What is required:
From the entries below, return only the lines starting at the one that contains "#299=ADVANCED_FACE('F340',(#298),#273,.F.);" and ending at the one that contains "#307=VECTOR('',#306,1.);", exactly as they stand.

(Data excerpts)
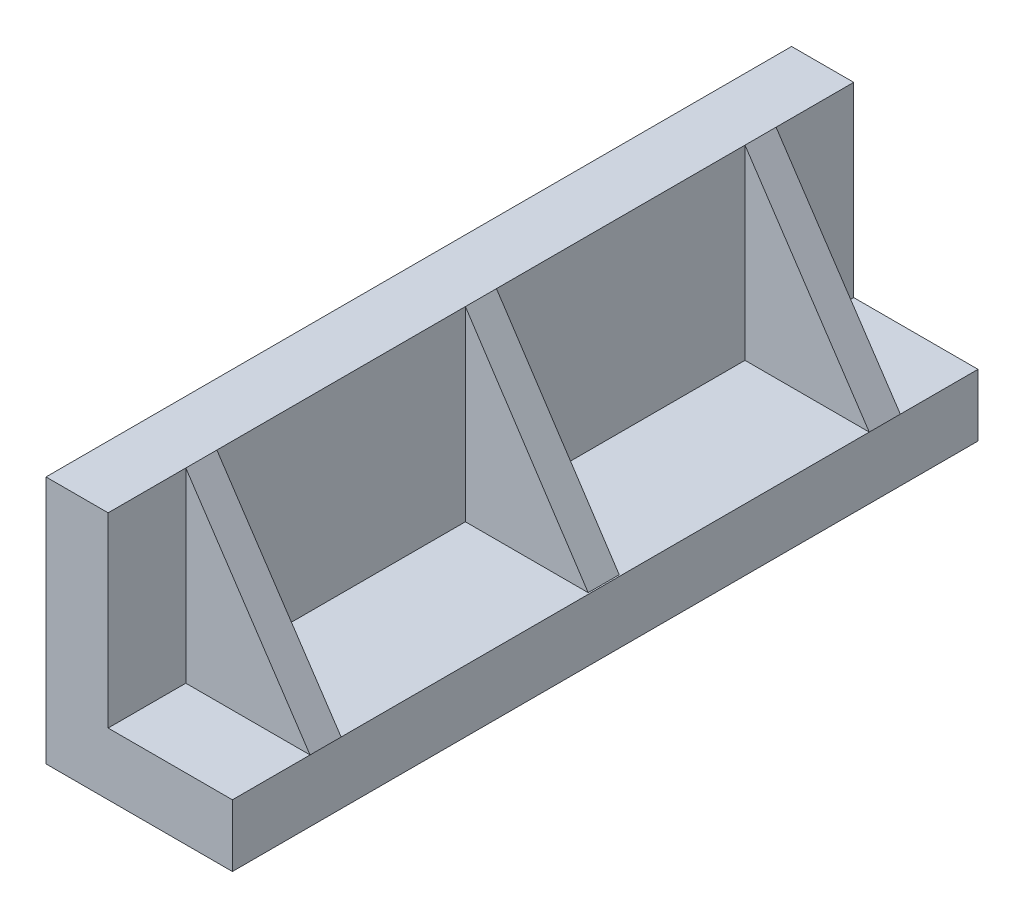
ISO-10303-21;
HEADER;
FILE_DESCRIPTION(('STEP AP214'),'2;1');
FILE_NAME('part.step','',(''),(''),'','','');
FILE_SCHEMA(('AUTOMOTIVE_DESIGN { 1 0 10303 214 1 1 1 1 }'));
ENDSEC;
DATA;
#1=APPLICATION_CONTEXT('core data for automotive mechanical design processes');
#2=APPLICATION_PROTOCOL_DEFINITION('international standard','automotive_design',2000,#1);
#3=PRODUCT_CONTEXT('',#1,'mechanical');
#4=PRODUCT('Part','Part','',(#3));
#5=PRODUCT_RELATED_PRODUCT_CATEGORY('part','',(#4));
#6=PRODUCT_DEFINITION_FORMATION('','',#4);
#7=PRODUCT_DEFINITION_CONTEXT('part definition',#1,'design');
#8=PRODUCT_DEFINITION('design','',#6,#7);
#9=PRODUCT_DEFINITION_SHAPE('','',#8);
#10=(LENGTH_UNIT() NAMED_UNIT(*) SI_UNIT(.MILLI.,.METRE.));
#11=(NAMED_UNIT(*) PLANE_ANGLE_UNIT() SI_UNIT($,.RADIAN.));
#12=(NAMED_UNIT(*) SI_UNIT($,.STERADIAN.) SOLID_ANGLE_UNIT());
#13=UNCERTAINTY_MEASURE_WITH_UNIT(LENGTH_MEASURE(1.E-05),#10,'distance_accuracy_value','');
#14=(GEOMETRIC_REPRESENTATION_CONTEXT(3) GLOBAL_UNCERTAINTY_ASSIGNED_CONTEXT((#13)) GLOBAL_UNIT_ASSIGNED_CONTEXT((#10,
#11,#12)) REPRESENTATION_CONTEXT('',''));
#15=CARTESIAN_POINT('',(0.,0.,0.));
#16=DIRECTION('',(0.,0.,1.));
#17=DIRECTION('',(1.,0.,0.));
#18=AXIS2_PLACEMENT_3D('',#15,#16,#17);
#19=CARTESIAN_POINT('',(30.,10.,120.));
#20=DIRECTION('',(0.,-1.,0.));
#21=DIRECTION('',(1.,0.,0.));
#22=AXIS2_PLACEMENT_3D('',#19,#20,#21);
#23=PLANE('',#22);
#24=DIRECTION('',(-1.,0.,0.));
#25=VECTOR('',#24,1.);
#26=CARTESIAN_POINT('',(30.,10.,12.5));
#27=LINE('',#26,#25);
#28=CARTESIAN_POINT('',(30.,10.,12.5));
#29=VERTEX_POINT('',#28);
#30=CARTESIAN_POINT('',(10.,10.,12.5));
#31=VERTEX_POINT('',#30);
#32=EDGE_CURVE('E163',#29,#31,#27,.T.);
#33=ORIENTED_EDGE('',*,*,#32,.F.);
#34=DIRECTION('',(0.,0.,-1.));
#35=VECTOR('',#34,1.);
#36=CARTESIAN_POINT('',(30.,10.,120.));
#37=LINE('',#36,#35);
#38=CARTESIAN_POINT('',(30.,10.,0.));
#39=VERTEX_POINT('',#38);
#40=EDGE_CURVE('E147',#29,#39,#37,.T.);
#41=ORIENTED_EDGE('',*,*,#40,.T.);
#42=DIRECTION('',(-1.,0.,0.));
#43=VECTOR('',#42,1.);
#44=CARTESIAN_POINT('',(30.,10.,0.));
#45=LINE('',#44,#43);
#46=CARTESIAN_POINT('',(10.,10.,0.));
#47=VERTEX_POINT('',#46);
#48=EDGE_CURVE('E267',#39,#47,#45,.T.);
#49=ORIENTED_EDGE('',*,*,#48,.T.);
#50=DIRECTION('',(0.,0.,-1.));
#51=VECTOR('',#50,1.);
#52=CARTESIAN_POINT('',(10.,10.,120.));
#53=LINE('',#52,#51);
#54=EDGE_CURVE('E164',#31,#47,#53,.T.);
#55=ORIENTED_EDGE('',*,*,#54,.F.);
#56=EDGE_LOOP('',(#33,#41,#49,#55));
#57=FACE_BOUND('',#56,.T.);
#58=ADVANCED_FACE('F39',(#57),#23,.F.);
#59=CARTESIAN_POINT('',(10.,10.,120.));
#60=DIRECTION('',(-1.,0.,0.));
#61=DIRECTION('',(0.,-1.,0.));
#62=AXIS2_PLACEMENT_3D('',#59,#60,#61);
#63=PLANE('',#62);
#64=DIRECTION('',(0.,1.,0.));
#65=VECTOR('',#64,1.);
#66=CARTESIAN_POINT('',(10.,10.,12.5));
#67=LINE('',#66,#65);
#68=CARTESIAN_POINT('',(10.,40.,12.5));
#69=VERTEX_POINT('',#68);
#70=EDGE_CURVE('E55',#31,#69,#67,.T.);
#71=ORIENTED_EDGE('',*,*,#70,.F.);
#72=ORIENTED_EDGE('',*,*,#54,.T.);
#73=DIRECTION('',(0.,1.,0.));
#74=VECTOR('',#73,1.);
#75=CARTESIAN_POINT('',(10.,10.,0.));
#76=LINE('',#75,#74);
#77=CARTESIAN_POINT('',(10.,40.,0.));
#78=VERTEX_POINT('',#77);
#79=EDGE_CURVE('E238',#47,#78,#76,.T.);
#80=ORIENTED_EDGE('',*,*,#79,.T.);
#81=DIRECTION('',(0.,0.,-1.));
#82=VECTOR('',#81,1.);
#83=CARTESIAN_POINT('',(10.,40.,120.));
#84=LINE('',#83,#82);
#85=EDGE_CURVE('E253',#69,#78,#84,.T.);
#86=ORIENTED_EDGE('',*,*,#85,.F.);
#87=EDGE_LOOP('',(#71,#72,#80,#86));
#88=FACE_BOUND('',#87,.T.);
#89=ADVANCED_FACE('F346',(#88),#63,.F.);
#90=CARTESIAN_POINT('',(30.,10.,102.5));
#91=VERTEX_POINT('',#90);
#92=CARTESIAN_POINT('',(30.,10.,17.5));
#93=VERTEX_POINT('',#92);
#94=EDGE_CURVE('E179',#91,#93,#37,.T.);
#95=ORIENTED_EDGE('',*,*,#94,.T.);
#96=DIRECTION('',(-1.,0.,0.));
#97=VECTOR('',#96,1.);
#98=CARTESIAN_POINT('',(30.,10.,17.5));
#99=LINE('',#98,#97);
#100=CARTESIAN_POINT('',(10.,10.,17.5));
#101=VERTEX_POINT('',#100);
#102=EDGE_CURVE('E63',#93,#101,#99,.T.);
#103=ORIENTED_EDGE('',*,*,#102,.T.);
#104=CARTESIAN_POINT('',(10.,10.,57.5));
#105=VERTEX_POINT('',#104);
#106=EDGE_CURVE('E282',#105,#101,#53,.T.);
#107=ORIENTED_EDGE('',*,*,#106,.F.);
#108=DIRECTION('',(-1.,0.,0.));
#109=VECTOR('',#108,1.);
#110=CARTESIAN_POINT('',(30.,10.,57.5));
#111=LINE('',#110,#109);
#112=CARTESIAN_POINT('',(29.7588143238516,10.,57.5));
#113=VERTEX_POINT('',#112);
#114=EDGE_CURVE('E218',#113,#105,#111,.T.);
#115=ORIENTED_EDGE('',*,*,#114,.F.);
#116=DIRECTION('',(0.,0.,-1.));
#117=VECTOR('',#116,1.);
#118=CARTESIAN_POINT('',(29.7588143238516,10.,120.));
#119=LINE('',#118,#117);
#120=CARTESIAN_POINT('',(29.7588143238516,10.,62.5));
#121=VERTEX_POINT('',#120);
#122=EDGE_CURVE('E229',#113,#121,#119,.F.);
#123=ORIENTED_EDGE('',*,*,#122,.T.);
#124=DIRECTION('',(-1.,0.,0.));
#125=VECTOR('',#124,1.);
#126=CARTESIAN_POINT('',(30.,10.,62.5));
#127=LINE('',#126,#125);
#128=CARTESIAN_POINT('',(10.,10.,62.5));
#129=VERTEX_POINT('',#128);
#130=EDGE_CURVE('E225',#121,#129,#127,.T.);
#131=ORIENTED_EDGE('',*,*,#130,.T.);
#132=CARTESIAN_POINT('',(10.,10.,102.5));
#133=VERTEX_POINT('',#132);
#134=EDGE_CURVE('E281',#133,#129,#53,.T.);
#135=ORIENTED_EDGE('',*,*,#134,.F.);
#136=DIRECTION('',(-1.,0.,0.));
#137=VECTOR('',#136,1.);
#138=CARTESIAN_POINT('',(30.,10.,102.5));
#139=LINE('',#138,#137);
#140=EDGE_CURVE('E200',#91,#133,#139,.T.);
#141=ORIENTED_EDGE('',*,*,#140,.F.);
#142=EDGE_LOOP('',(#95,#103,#107,#115,#123,#131,#135,#141));
#143=FACE_BOUND('',#142,.T.);
#144=ADVANCED_FACE('F355',(#143),#23,.F.);
#145=DIRECTION('',(0.,1.,0.));
#146=VECTOR('',#145,1.);
#147=CARTESIAN_POINT('',(10.,10.,102.5));
#148=LINE('',#147,#146);
#149=CARTESIAN_POINT('',(10.,40.,102.5));
#150=VERTEX_POINT('',#149);
#151=EDGE_CURVE('E48',#133,#150,#148,.T.);
#152=ORIENTED_EDGE('',*,*,#151,.F.);
#153=ORIENTED_EDGE('',*,*,#134,.T.);
#154=DIRECTION('',(0.,1.,0.));
#155=VECTOR('',#154,1.);
#156=CARTESIAN_POINT('',(10.,10.,62.5));
#157=LINE('',#156,#155);
#158=CARTESIAN_POINT('',(10.,40.,62.5));
#159=VERTEX_POINT('',#158);
#160=EDGE_CURVE('E299',#129,#159,#157,.T.);
#161=ORIENTED_EDGE('',*,*,#160,.T.);
#162=EDGE_CURVE('E365',#150,#159,#84,.T.);
#163=ORIENTED_EDGE('',*,*,#162,.F.);
#164=EDGE_LOOP('',(#152,#153,#161,#163));
#165=FACE_BOUND('',#164,.T.);
#166=ADVANCED_FACE('F351',(#165),#63,.F.);
#167=ORIENTED_EDGE('',*,*,#106,.T.);
#168=DIRECTION('',(0.,1.,0.));
#169=VECTOR('',#168,1.);
#170=CARTESIAN_POINT('',(10.,10.,17.5));
#171=LINE('',#170,#169);
#172=CARTESIAN_POINT('',(10.,40.,17.5));
#173=VERTEX_POINT('',#172);
#174=EDGE_CURVE('E168',#101,#173,#171,.T.);
#175=ORIENTED_EDGE('',*,*,#174,.T.);
#176=CARTESIAN_POINT('',(10.,40.,57.5));
#177=VERTEX_POINT('',#176);
#178=EDGE_CURVE('E366',#177,#173,#84,.T.);
#179=ORIENTED_EDGE('',*,*,#178,.F.);
#180=DIRECTION('',(0.,1.,0.));
#181=VECTOR('',#180,1.);
#182=CARTESIAN_POINT('',(10.,10.,57.5));
#183=LINE('',#182,#181);
#184=EDGE_CURVE('E295',#105,#177,#183,.T.);
#185=ORIENTED_EDGE('',*,*,#184,.F.);
#186=EDGE_LOOP('',(#167,#175,#179,#185));
#187=FACE_BOUND('',#186,.T.);
#188=ADVANCED_FACE('F375',(#187),#63,.F.);
#189=CARTESIAN_POINT('',(10.,40.,120.));
#190=DIRECTION('',(0.,-1.,0.));
#191=DIRECTION('',(0.,0.,-1.));
#192=AXIS2_PLACEMENT_3D('',#189,#190,#191);
#193=PLANE('',#192);
#194=ORIENTED_EDGE('',*,*,#178,.T.);
#195=DIRECTION('',(0.,0.,-1.));
#196=VECTOR('',#195,1.);
#197=CARTESIAN_POINT('',(10.,40.,120.));
#198=LINE('',#197,#196);
#199=EDGE_CURVE('E192',#69,#173,#198,.F.);
#200=ORIENTED_EDGE('',*,*,#199,.F.);
#201=ORIENTED_EDGE('',*,*,#85,.T.);
#202=DIRECTION('',(-1.,0.,0.));
#203=VECTOR('',#202,1.);
#204=CARTESIAN_POINT('',(10.,40.,0.));
#205=LINE('',#204,#203);
#206=CARTESIAN_POINT('',(0.,40.,0.));
#207=VERTEX_POINT('',#206);
#208=EDGE_CURVE('E232',#78,#207,#205,.T.);
#209=ORIENTED_EDGE('',*,*,#208,.T.);
#210=DIRECTION('',(0.,0.,-1.));
#211=VECTOR('',#210,1.);
#212=CARTESIAN_POINT('',(0.,40.,120.));
#213=LINE('',#212,#211);
#214=CARTESIAN_POINT('',(0.,40.,120.));
#215=VERTEX_POINT('',#214);
#216=EDGE_CURVE('E292',#215,#207,#213,.T.);
#217=ORIENTED_EDGE('',*,*,#216,.F.);
#218=DIRECTION('',(-1.,0.,0.));
#219=VECTOR('',#218,1.);
#220=CARTESIAN_POINT('',(10.,40.,120.));
#221=LINE('',#220,#219);
#222=CARTESIAN_POINT('',(10.,40.,120.));
#223=VERTEX_POINT('',#222);
#224=EDGE_CURVE('E233',#223,#215,#221,.T.);
#225=ORIENTED_EDGE('',*,*,#224,.F.);
#226=CARTESIAN_POINT('',(10.,40.,107.5));
#227=VERTEX_POINT('',#226);
#228=EDGE_CURVE('E273',#223,#227,#84,.T.);
#229=ORIENTED_EDGE('',*,*,#228,.T.);
#230=EDGE_CURVE('E277',#227,#150,#84,.T.);
#231=ORIENTED_EDGE('',*,*,#230,.T.);
#232=ORIENTED_EDGE('',*,*,#162,.T.);
#233=EDGE_CURVE('E278',#159,#177,#84,.T.);
#234=ORIENTED_EDGE('',*,*,#233,.T.);
#235=EDGE_LOOP('',(#194,#200,#201,#209,#217,#225,#229,#231,#232,#234));
#236=FACE_BOUND('',#235,.T.);
#237=ADVANCED_FACE('F41',(#236),#193,.F.);
#238=CARTESIAN_POINT('',(0.,40.,120.));
#239=DIRECTION('',(1.,0.,0.));
#240=DIRECTION('',(0.,1.,0.));
#241=AXIS2_PLACEMENT_3D('',#238,#239,#240);
#242=PLANE('',#241);
#243=ORIENTED_EDGE('',*,*,#216,.T.);
#244=DIRECTION('',(0.,-1.,0.));
#245=VECTOR('',#244,1.);
#246=CARTESIAN_POINT('',(0.,40.,0.));
#247=LINE('',#246,#245);
#248=CARTESIAN_POINT('',(0.,0.,0.));
#249=VERTEX_POINT('',#248);
#250=EDGE_CURVE('E257',#207,#249,#247,.T.);
#251=ORIENTED_EDGE('',*,*,#250,.T.);
#252=DIRECTION('',(0.,0.,-1.));
#253=VECTOR('',#252,1.);
#254=CARTESIAN_POINT('',(0.,0.,120.));
#255=LINE('',#254,#253);
#256=CARTESIAN_POINT('',(0.,0.,120.));
#257=VERTEX_POINT('',#256);
#258=EDGE_CURVE('E289',#257,#249,#255,.T.);
#259=ORIENTED_EDGE('',*,*,#258,.F.);
#260=DIRECTION('',(0.,-1.,0.));
#261=VECTOR('',#260,1.);
#262=CARTESIAN_POINT('',(0.,40.,120.));
#263=LINE('',#262,#261);
#264=EDGE_CURVE('E237',#215,#257,#263,.T.);
#265=ORIENTED_EDGE('',*,*,#264,.F.);
#266=EDGE_LOOP('',(#243,#251,#259,#265));
#267=FACE_BOUND('',#266,.T.);
#268=ADVANCED_FACE('F403',(#267),#242,.F.);
#269=CARTESIAN_POINT('',(0.,0.,120.));
#270=DIRECTION('',(0.,1.,0.));
#271=DIRECTION('',(0.,0.,1.));
#272=AXIS2_PLACEMENT_3D('',#269,#270,#271);
#273=PLANE('',#272);
#274=ORIENTED_EDGE('',*,*,#258,.T.);
#275=DIRECTION('',(1.,0.,0.));
#276=VECTOR('',#275,1.);
#277=CARTESIAN_POINT('',(0.,0.,0.));
#278=LINE('',#277,#276);
#279=CARTESIAN_POINT('',(30.,0.,0.));
#280=VERTEX_POINT('',#279);
#281=EDGE_CURVE('E261',#249,#280,#278,.T.);
#282=ORIENTED_EDGE('',*,*,#281,.T.);
#283=DIRECTION('',(0.,0.,-1.));
#284=VECTOR('',#283,1.);
#285=CARTESIAN_POINT('',(30.,0.,120.));
#286=LINE('',#285,#284);
#287=CARTESIAN_POINT('',(30.,0.,120.));
#288=VERTEX_POINT('',#287);
#289=EDGE_CURVE('E286',#288,#280,#286,.T.);
#290=ORIENTED_EDGE('',*,*,#289,.F.);
#291=DIRECTION('',(1.,0.,0.));
#292=VECTOR('',#291,1.);
#293=CARTESIAN_POINT('',(0.,0.,120.));
#294=LINE('',#293,#292);
#295=EDGE_CURVE('E241',#257,#288,#294,.T.);
#296=ORIENTED_EDGE('',*,*,#295,.F.);
#297=EDGE_LOOP('',(#274,#282,#290,#296));
#298=FACE_BOUND('',#297,.T.);
#299=ADVANCED_FACE('F340',(#298),#273,.F.);
#300=CARTESIAN_POINT('',(30.,0.,120.));
#301=DIRECTION('',(-1.,0.,0.));
#302=DIRECTION('',(0.,0.,1.));
#303=AXIS2_PLACEMENT_3D('',#300,#301,#302);
#304=PLANE('',#303);
#305=ORIENTED_EDGE('',*,*,#289,.T.);
#306=DIRECTION('',(0.,1.,0.));
#307=VECTOR('',#306,1.);
#308=CARTESIAN_POINT('',(30.,0.,0.));
#309=LINE('',#308,#307);
#310=EDGE_CURVE('E154',#280,#39,#309,.T.);
#311=ORIENTED_EDGE('',*,*,#310,.T.);
#312=ORIENTED_EDGE('',*,*,#40,.F.);
#313=EDGE_CURVE('E152',#93,#29,#37,.T.);
#314=ORIENTED_EDGE('',*,*,#313,.F.);
#315=ORIENTED_EDGE('',*,*,#94,.F.);
#316=DIRECTION('',(0.,0.,-1.));
#317=VECTOR('',#316,1.);
#318=CARTESIAN_POINT('',(30.,10.,120.));
#319=LINE('',#318,#317);
#320=CARTESIAN_POINT('',(30.,10.,107.5));
#321=VERTEX_POINT('',#320);
#322=EDGE_CURVE('E210',#91,#321,#319,.F.);
#323=ORIENTED_EDGE('',*,*,#322,.T.);
#324=CARTESIAN_POINT('',(30.,10.,120.));
#325=VERTEX_POINT('',#324);
#326=EDGE_CURVE('E161',#325,#321,#37,.T.);
#327=ORIENTED_EDGE('',*,*,#326,.F.);
#328=DIRECTION('',(0.,1.,0.));
#329=VECTOR('',#328,1.);
#330=CARTESIAN_POINT('',(30.,0.,120.));
#331=LINE('',#330,#329);
#332=EDGE_CURVE('E244',#288,#325,#331,.T.);
#333=ORIENTED_EDGE('',*,*,#332,.F.);
#334=EDGE_LOOP('',(#305,#311,#312,#314,#315,#323,#327,#333));
#335=FACE_BOUND('',#334,.T.);
#336=ADVANCED_FACE('F149',(#335),#304,.F.);
#337=ORIENTED_EDGE('',*,*,#326,.T.);
#338=DIRECTION('',(-1.,0.,0.));
#339=VECTOR('',#338,1.);
#340=CARTESIAN_POINT('',(30.,10.,107.5));
#341=LINE('',#340,#339);
#342=CARTESIAN_POINT('',(10.,10.,107.5));
#343=VERTEX_POINT('',#342);
#344=EDGE_CURVE('E207',#321,#343,#341,.T.);
#345=ORIENTED_EDGE('',*,*,#344,.T.);
#346=CARTESIAN_POINT('',(10.,10.,120.));
#347=VERTEX_POINT('',#346);
#348=EDGE_CURVE('E159',#347,#343,#53,.T.);
#349=ORIENTED_EDGE('',*,*,#348,.F.);
#350=DIRECTION('',(-1.,0.,0.));
#351=VECTOR('',#350,1.);
#352=CARTESIAN_POINT('',(30.,10.,120.));
#353=LINE('',#352,#351);
#354=EDGE_CURVE('E247',#325,#347,#353,.T.);
#355=ORIENTED_EDGE('',*,*,#354,.F.);
#356=EDGE_LOOP('',(#337,#345,#349,#355));
#357=FACE_BOUND('',#356,.T.);
#358=ADVANCED_FACE('F320',(#357),#23,.F.);
#359=ORIENTED_EDGE('',*,*,#348,.T.);
#360=DIRECTION('',(0.,1.,0.));
#361=VECTOR('',#360,1.);
#362=CARTESIAN_POINT('',(10.,10.,107.5));
#363=LINE('',#362,#361);
#364=EDGE_CURVE('E11',#343,#227,#363,.T.);
#365=ORIENTED_EDGE('',*,*,#364,.T.);
#366=ORIENTED_EDGE('',*,*,#228,.F.);
#367=DIRECTION('',(0.,1.,0.));
#368=VECTOR('',#367,1.);
#369=CARTESIAN_POINT('',(10.,10.,120.));
#370=LINE('',#369,#368);
#371=EDGE_CURVE('E250',#347,#223,#370,.T.);
#372=ORIENTED_EDGE('',*,*,#371,.F.);
#373=EDGE_LOOP('',(#359,#365,#366,#372));
#374=FACE_BOUND('',#373,.T.);
#375=ADVANCED_FACE('F327',(#374),#63,.F.);
#376=CARTESIAN_POINT('',(0.,0.,120.));
#377=DIRECTION('',(0.,0.,1.));
#378=DIRECTION('',(1.,0.,0.));
#379=AXIS2_PLACEMENT_3D('',#376,#377,#378);
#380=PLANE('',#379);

Result:
#299=ADVANCED_FACE('F340',(#298),#273,.F.);
#300=CARTESIAN_POINT('',(30.,0.,120.));
#301=DIRECTION('',(-1.,0.,0.));
#302=DIRECTION('',(0.,0.,1.));
#303=AXIS2_PLACEMENT_3D('',#300,#301,#302);
#304=PLANE('',#303);
#305=ORIENTED_EDGE('',*,*,#289,.T.);
#306=DIRECTION('',(0.,1.,0.));
#307=VECTOR('',#306,1.);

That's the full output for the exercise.